/---

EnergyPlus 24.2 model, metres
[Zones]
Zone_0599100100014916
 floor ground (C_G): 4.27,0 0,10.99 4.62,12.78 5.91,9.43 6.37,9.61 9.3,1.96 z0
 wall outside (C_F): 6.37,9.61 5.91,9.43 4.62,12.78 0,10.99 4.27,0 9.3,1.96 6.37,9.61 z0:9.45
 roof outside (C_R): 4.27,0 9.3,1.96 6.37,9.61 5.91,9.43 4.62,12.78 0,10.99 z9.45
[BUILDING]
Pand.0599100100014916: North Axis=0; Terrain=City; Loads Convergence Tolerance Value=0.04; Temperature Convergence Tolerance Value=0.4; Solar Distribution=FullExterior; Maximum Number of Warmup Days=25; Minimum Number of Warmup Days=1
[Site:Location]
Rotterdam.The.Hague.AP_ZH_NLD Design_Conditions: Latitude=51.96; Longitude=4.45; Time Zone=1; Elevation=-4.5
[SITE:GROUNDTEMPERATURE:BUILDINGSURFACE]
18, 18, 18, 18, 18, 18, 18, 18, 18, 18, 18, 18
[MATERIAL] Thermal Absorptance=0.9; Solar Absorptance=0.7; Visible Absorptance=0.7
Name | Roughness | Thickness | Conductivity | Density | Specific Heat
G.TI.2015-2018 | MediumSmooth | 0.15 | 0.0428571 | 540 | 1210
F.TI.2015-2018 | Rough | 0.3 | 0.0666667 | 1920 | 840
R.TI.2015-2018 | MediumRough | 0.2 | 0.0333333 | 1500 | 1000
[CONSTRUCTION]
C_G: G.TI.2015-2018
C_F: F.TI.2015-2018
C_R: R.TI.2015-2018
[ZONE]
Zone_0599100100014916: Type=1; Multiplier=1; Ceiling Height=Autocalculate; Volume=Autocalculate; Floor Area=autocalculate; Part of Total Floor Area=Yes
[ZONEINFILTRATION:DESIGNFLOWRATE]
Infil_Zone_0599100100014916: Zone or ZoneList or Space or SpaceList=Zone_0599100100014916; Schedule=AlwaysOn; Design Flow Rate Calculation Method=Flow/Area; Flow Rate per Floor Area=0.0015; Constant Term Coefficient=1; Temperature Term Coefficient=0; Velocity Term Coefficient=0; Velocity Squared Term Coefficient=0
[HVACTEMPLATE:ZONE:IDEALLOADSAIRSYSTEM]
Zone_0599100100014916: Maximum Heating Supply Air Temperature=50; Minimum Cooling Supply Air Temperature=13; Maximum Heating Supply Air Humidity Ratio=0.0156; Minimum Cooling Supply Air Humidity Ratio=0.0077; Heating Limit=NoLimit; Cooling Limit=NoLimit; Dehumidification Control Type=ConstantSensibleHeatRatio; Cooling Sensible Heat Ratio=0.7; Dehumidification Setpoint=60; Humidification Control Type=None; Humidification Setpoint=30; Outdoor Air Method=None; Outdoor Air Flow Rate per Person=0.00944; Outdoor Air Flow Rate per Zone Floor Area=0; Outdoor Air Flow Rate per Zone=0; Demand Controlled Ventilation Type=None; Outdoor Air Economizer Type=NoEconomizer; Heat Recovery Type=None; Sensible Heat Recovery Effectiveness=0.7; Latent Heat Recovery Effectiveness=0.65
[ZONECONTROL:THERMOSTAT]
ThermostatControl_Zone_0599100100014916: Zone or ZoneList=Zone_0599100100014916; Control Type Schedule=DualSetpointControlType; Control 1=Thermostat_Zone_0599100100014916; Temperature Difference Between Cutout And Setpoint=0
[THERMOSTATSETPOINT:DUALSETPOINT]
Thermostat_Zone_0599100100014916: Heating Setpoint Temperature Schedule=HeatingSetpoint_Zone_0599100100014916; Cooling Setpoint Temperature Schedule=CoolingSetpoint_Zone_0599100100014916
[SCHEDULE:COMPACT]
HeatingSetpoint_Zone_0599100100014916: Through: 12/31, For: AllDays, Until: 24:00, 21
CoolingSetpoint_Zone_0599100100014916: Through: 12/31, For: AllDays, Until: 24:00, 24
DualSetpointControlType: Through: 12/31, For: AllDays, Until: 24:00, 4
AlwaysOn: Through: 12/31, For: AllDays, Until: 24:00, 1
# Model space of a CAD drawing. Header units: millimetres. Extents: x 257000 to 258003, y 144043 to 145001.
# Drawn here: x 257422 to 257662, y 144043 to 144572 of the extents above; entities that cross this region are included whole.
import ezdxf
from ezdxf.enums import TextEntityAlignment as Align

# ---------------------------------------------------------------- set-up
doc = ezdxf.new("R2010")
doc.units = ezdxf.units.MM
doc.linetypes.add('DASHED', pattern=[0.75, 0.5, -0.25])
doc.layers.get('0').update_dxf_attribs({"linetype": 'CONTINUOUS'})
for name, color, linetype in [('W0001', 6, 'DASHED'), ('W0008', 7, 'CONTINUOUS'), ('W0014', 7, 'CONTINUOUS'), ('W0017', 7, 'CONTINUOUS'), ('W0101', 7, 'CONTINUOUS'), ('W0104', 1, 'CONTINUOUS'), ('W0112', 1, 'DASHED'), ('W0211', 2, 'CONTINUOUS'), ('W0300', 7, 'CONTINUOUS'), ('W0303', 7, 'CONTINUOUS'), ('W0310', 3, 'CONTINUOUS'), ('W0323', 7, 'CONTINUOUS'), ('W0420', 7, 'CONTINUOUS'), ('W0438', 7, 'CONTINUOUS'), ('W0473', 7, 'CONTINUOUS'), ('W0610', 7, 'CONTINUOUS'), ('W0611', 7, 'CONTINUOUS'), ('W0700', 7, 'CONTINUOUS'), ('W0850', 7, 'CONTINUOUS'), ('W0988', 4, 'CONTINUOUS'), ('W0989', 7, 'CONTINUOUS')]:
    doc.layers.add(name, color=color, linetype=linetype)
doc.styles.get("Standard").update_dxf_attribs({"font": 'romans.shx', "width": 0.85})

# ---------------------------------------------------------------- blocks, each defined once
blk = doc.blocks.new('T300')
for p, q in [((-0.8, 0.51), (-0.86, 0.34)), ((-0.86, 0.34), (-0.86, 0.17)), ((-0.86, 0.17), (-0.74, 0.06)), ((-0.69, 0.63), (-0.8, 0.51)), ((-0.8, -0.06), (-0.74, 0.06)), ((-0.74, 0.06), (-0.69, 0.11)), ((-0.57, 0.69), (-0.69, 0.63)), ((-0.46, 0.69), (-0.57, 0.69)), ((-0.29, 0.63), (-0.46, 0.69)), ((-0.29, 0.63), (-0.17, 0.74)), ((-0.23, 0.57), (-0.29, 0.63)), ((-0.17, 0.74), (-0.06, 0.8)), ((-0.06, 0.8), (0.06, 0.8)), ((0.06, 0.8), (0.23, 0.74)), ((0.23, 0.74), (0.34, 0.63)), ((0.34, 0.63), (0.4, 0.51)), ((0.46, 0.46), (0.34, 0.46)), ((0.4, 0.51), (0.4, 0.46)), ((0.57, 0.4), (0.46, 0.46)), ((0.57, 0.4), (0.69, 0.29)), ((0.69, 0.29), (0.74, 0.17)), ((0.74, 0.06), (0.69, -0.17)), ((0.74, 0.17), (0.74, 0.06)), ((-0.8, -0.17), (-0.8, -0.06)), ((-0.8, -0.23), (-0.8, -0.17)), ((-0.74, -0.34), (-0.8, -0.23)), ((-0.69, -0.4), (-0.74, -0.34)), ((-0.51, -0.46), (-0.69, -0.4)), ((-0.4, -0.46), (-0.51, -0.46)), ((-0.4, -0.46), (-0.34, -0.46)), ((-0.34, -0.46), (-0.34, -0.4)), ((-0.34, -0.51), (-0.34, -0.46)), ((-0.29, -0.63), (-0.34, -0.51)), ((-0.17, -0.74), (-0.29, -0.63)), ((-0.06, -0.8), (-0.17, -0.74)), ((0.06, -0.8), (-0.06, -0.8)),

\---

• Your assignment:
Set out the entries once more, word for word.

• Answer to the problem:
EnergyPlus 24.2 model, metres
[Zones]
Zone_0599100100014916
 floor ground (C_G): 4.27,0 0,10.99 4.62,12.78 5.91,9.43 6.37,9.61 9.3,1.96 z0
 wall outside (C_F): 6.37,9.61 5.91,9.43 4.62,12.78 0,10.99 4.27,0 9.3,1.96 6.37,9.61 z0:9.45
 roof outside (C_R): 4.27,0 9.3,1.96 6.37,9.61 5.91,9.43 4.62,12.78 0,10.99 z9.45
[BUILDING]
Pand.0599100100014916: North Axis=0; Terrain=City; Loads Convergence Tolerance Value=0.04; Temperature Convergence Tolerance Value=0.4; Solar Distribution=FullExterior; Maximum Number of Warmup Days=25; Minimum Number of Warmup Days=1
[Site:Location]
Rotterdam.The.Hague.AP_ZH_NLD Design_Conditions: Latitude=51.96; Longitude=4.45; Time Zone=1; Elevation=-4.5
[SITE:GROUNDTEMPERATURE:BUILDINGSURFACE]
18, 18, 18, 18, 18, 18, 18, 18, 18, 18, 18, 18
[MATERIAL] Thermal Absorptance=0.9; Solar Absorptance=0.7; Visible Absorptance=0.7
Name | Roughness | Thickness | Conductivity | Density | Specific Heat
G.TI.2015-2018 | MediumSmooth | 0.15 | 0.0428571 | 540 | 1210
F.TI.2015-2018 | Rough | 0.3 | 0.0666667 | 1920 | 840
R.TI.2015-2018 | MediumRough | 0.2 | 0.0333333 | 1500 | 1000
[CONSTRUCTION]
C_G: G.TI.2015-2018
C_F: F.TI.2015-2018
C_R: R.TI.2015-2018
[ZONE]
Zone_0599100100014916: Type=1; Multiplier=1; Ceiling Height=Autocalculate; Volume=Autocalculate; Floor Area=autocalculate; Part of Total Floor Area=Yes
[ZONEINFILTRATION:DESIGNFLOWRATE]
Infil_Zone_0599100100014916: Zone or ZoneList or Space or SpaceList=Zone_0599100100014916; Schedule=AlwaysOn; Design Flow Rate Calculation Method=Flow/Area; Flow Rate per Floor Area=0.0015; Constant Term Coefficient=1; Temperature Term Coefficient=0; Velocity Term Coefficient=0; Velocity Squared Term Coefficient=0
[HVACTEMPLATE:ZONE:IDEALLOADSAIRSYSTEM]
Zone_0599100100014916: Maximum Heating Supply Air Temperature=50; Minimum Cooling Supply Air Temperature=13; Maximum Heating Supply Air Humidity Ratio=0.0156; Minimum Cooling Supply Air Humidity Ratio=0.0077; Heating Limit=NoLimit; Cooling Limit=NoLimit; Dehumidification Control Type=ConstantSensibleHeatRatio; Cooling Sensible Heat Ratio=0.7; Dehumidification Setpoint=60; Humidification Control Type=None; Humidification Setpoint=30; Outdoor Air Method=None; Outdoor Air Flow Rate per Person=0.00944; Outdoor Air Flow Rate per Zone Floor Area=0; Outdoor Air Flow Rate per Zone=0; Demand Controlled Ventilation Type=None; Outdoor Air Economizer Type=NoEconomizer; Heat Recovery Type=None; Sensible Heat Recovery Effectiveness=0.7; Latent Heat Recovery Effectiveness=0.65
[ZONECONTROL:THERMOSTAT]
ThermostatControl_Zone_0599100100014916: Zone or ZoneList=Zone_0599100100014916; Control Type Schedule=DualSetpointControlType; Control 1=Thermostat_Zone_0599100100014916; Temperature Difference Between Cutout And Setpoint=0
[THERMOSTATSETPOINT:DUALSETPOINT]
Thermostat_Zone_0599100100014916: Heating Setpoint Temperature Schedule=HeatingSetpoint_Zone_0599100100014916; Cooling Setpoint Temperature Schedule=CoolingSetpoint_Zone_0599100100014916
[SCHEDULE:COMPACT]
HeatingSetpoint_Zone_0599100100014916: Through: 12/31, For: AllDays, Until: 24:00, 21
CoolingSetpoint_Zone_0599100100014916: Through: 12/31, For: AllDays, Until: 24:00, 24
DualSetpointControlType: Through: 12/31, For: AllDays, Until: 24:00, 4
AlwaysOn: Through: 12/31, For: AllDays, Until: 24:00, 1
# Model space of a CAD drawing. Header units: millimetres. Extents: x 257000 to 258003, y 144043 to 145001.
# Drawn here: x 257422 to 257662, y 144043 to 144572 of the extents above; entities that cross this region are included whole.
import ezdxf
from ezdxf.enums import TextEntityAlignment as Align

# ---------------------------------------------------------------- set-up
doc = ezdxf.new("R2010")
doc.units = ezdxf.units.MM
doc.linetypes.add('DASHED', pattern=[0.75, 0.5, -0.25])
doc.layers.get('0').update_dxf_attribs({"linetype": 'CONTINUOUS'})
for name, color, linetype in [('W0001', 6, 'DASHED'), ('W0008', 7, 'CONTINUOUS'), ('W0014', 7, 'CONTINUOUS'), ('W0017', 7, 'CONTINUOUS'), ('W0101', 7, 'CONTINUOUS'), ('W0104', 1, 'CONTINUOUS'), ('W0112', 1, 'DASHED'), ('W0211', 2, 'CONTINUOUS'), ('W0300', 7, 'CONTINUOUS'), ('W0303', 7, 'CONTINUOUS'), ('W0310', 3, 'CONTINUOUS'), ('W0323', 7, 'CONTINUOUS'), ('W0420', 7, 'CONTINUOUS'), ('W0438', 7, 'CONTINUOUS'), ('W0473', 7, 'CONTINUOUS'), ('W0610', 7, 'CONTINUOUS'), ('W0611', 7, 'CONTINUOUS'), ('W0700', 7, 'CONTINUOUS'), ('W0850', 7, 'CONTINUOUS'), ('W0988', 4, 'CONTINUOUS'), ('W0989', 7, 'CONTINUOUS')]:
    doc.layers.add(name, color=color, linetype=linetype)
doc.styles.get("Standard").update_dxf_attribs({"font": 'romans.shx', "width": 0.85})

# ---------------------------------------------------------------- blocks, each defined once
blk = doc.blocks.new('T300')
for p, q in [((-0.8, 0.51), (-0.86, 0.34)), ((-0.86, 0.34), (-0.86, 0.17)), ((-0.86, 0.17), (-0.74, 0.06)), ((-0.69, 0.63), (-0.8, 0.51)), ((-0.8, -0.06), (-0.74, 0.06)), ((-0.74, 0.06), (-0.69, 0.11)), ((-0.57, 0.69), (-0.69, 0.63)), ((-0.46, 0.69), (-0.57, 0.69)), ((-0.29, 0.63), (-0.46, 0.69)), ((-0.29, 0.63), (-0.17, 0.74)), ((-0.23, 0.57), (-0.29, 0.63)), ((-0.17, 0.74), (-0.06, 0.8)), ((-0.06, 0.8), (0.06, 0.8)), ((0.06, 0.8), (0.23, 0.74)), ((0.23, 0.74), (0.34, 0.63)), ((0.34, 0.63), (0.4, 0.51)), ((0.46, 0.46), (0.34, 0.46)), ((0.4, 0.51), (0.4, 0.46)), ((0.57, 0.4), (0.46, 0.46)), ((0.57, 0.4), (0.69, 0.29)), ((0.69, 0.29), (0.74, 0.17)), ((0.74, 0.06), (0.69, -0.17)), ((0.74, 0.17), (0.74, 0.06)), ((-0.8, -0.17), (-0.8, -0.06)), ((-0.8, -0.23), (-0.8, -0.17)), ((-0.74, -0.34), (-0.8, -0.23)), ((-0.69, -0.4), (-0.74, -0.34)), ((-0.51, -0.46), (-0.69, -0.4)), ((-0.4, -0.46), (-0.51, -0.46)), ((-0.4, -0.46), (-0.34, -0.46)), ((-0.34, -0.46), (-0.34, -0.4)), ((-0.34, -0.51), (-0.34, -0.46)), ((-0.29, -0.63), (-0.34, -0.51)), ((-0.17, -0.74), (-0.29, -0.63)), ((-0.06, -0.8), (-0.17, -0.74)), ((0.06, -0.8), (-0.06, -0.8)),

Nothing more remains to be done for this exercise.